Hope and a Future

6 Oct 2021

As full-time missionaries with Pioneers Australia fully seconded to work with Hellenic Ministries (HM) in Greece, Heather and I left Australia June 2017. We left knowing that I had a problem with deteriorating eyesight, at that time diagnosed as slow-growing cataracts in both eyes.

Following further and more rapid deterioration in vision, particularly in my central vision, I was booked in for cataract surgery in late 2018 in Greece. Upon review prior to the planned surgery, it was discovered that the problem was more than cataracts. Following further testing in Greece and Melbourne, the clinical name for the condition has not been identified. All that can be concluded is that there is damage to my optic nerves in both eyes and there is no reversal and no treatment available.

My eyesight has continued to deteriorate, at times quite rapidly, to the point where I am now legally blind. We returned to Melbourne in late 2019 and I continue to work with HM in a part time, ‘special projects’ capacity.

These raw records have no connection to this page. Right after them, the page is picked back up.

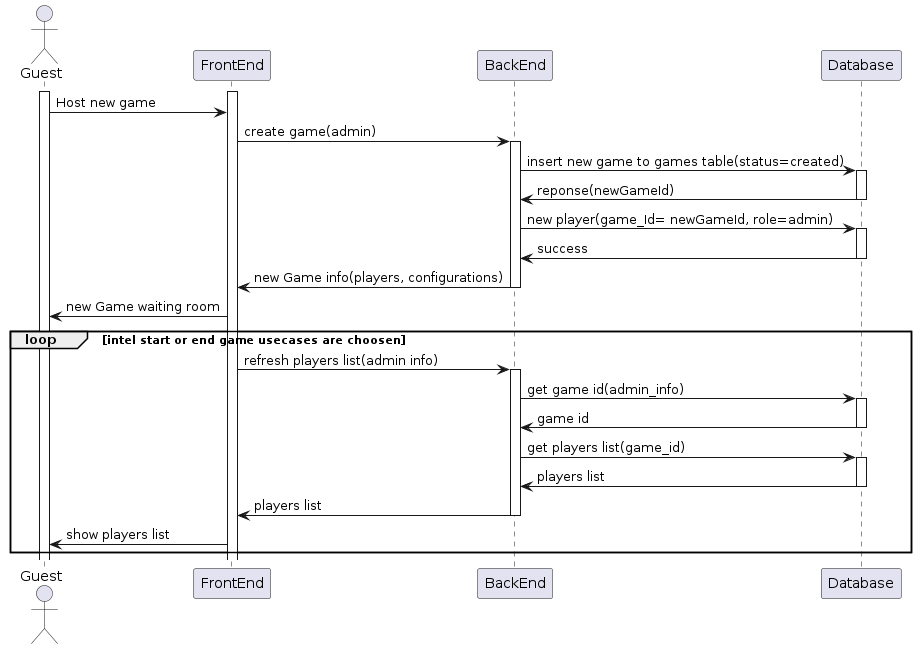

The diagram above was rendered by PlantUML. Its source (embedded in the PNG):
@startuml

actor Guest

Activate Guest
Activate FrontEnd

Guest ->  FrontEnd : Host new game
FrontEnd -> BackEnd : create game(admin)
Activate BackEnd

BackEnd -> Database : insert new game to games table(status=created)
Activate Database

Database -> BackEnd : reponse(newGameId)
deactivate Database

BackEnd -> Database : new player(game_Id= newGameId, role=admin)
Activate Database

Database -> BackEnd : success
deactivate Database

BackEnd -> FrontEnd : new Game info(players, configurations)
deactivate BackEnd

FrontEnd -> Guest : new Game waiting room

loop intel start or end game usecases are choosen

    FrontEnd -> BackEnd : refresh players list(admin info)
    Activate BackEnd

    BackEnd -> Database : get game id(admin_info)
    Activate Database

    Database -> BackEnd : game id
    deactivate Database

    BackEnd -> Database : get players list(game_id)
    Activate Database

    Database -> BackEnd : players list
    deactivate Database

    BackEnd -> FrontEnd : players list
    deactivate BackEnd

    FrontEnd -> Guest : show players list

end

@enduml

Deteriorating eyesight has resulted in a significant reduction in my functional capacity, including stopping driving, reading or managing to use a phone or computer, without the use of assistive technology, both hardware and software. I am also learning to use a long cane for walking. There are many other aspects of day-to-day living with being legally blind that have undergone significant adjustment.

However, even with this disability, I have found that mission work is still possible and rewarding. Of course, it is important for the organisation to be sensitive about how to help me to be more effective and be willing to accept the condition and make some necessary adjustments.

By necessity, I have had to adjust my and others’ expectations of what I can achieve in a day-to-day operational functionality. However, this has brought with it new opportunities for growing my passion and vision for encouraging, equipping, and mentoring new and developing, aspiring leaders. Consequently, my advisory and consulting role in organisational change management has moved from being more ‘hands on doing’ to leadership and coordination of the activity. These have been rewarding for me and effective in organisational outcomes.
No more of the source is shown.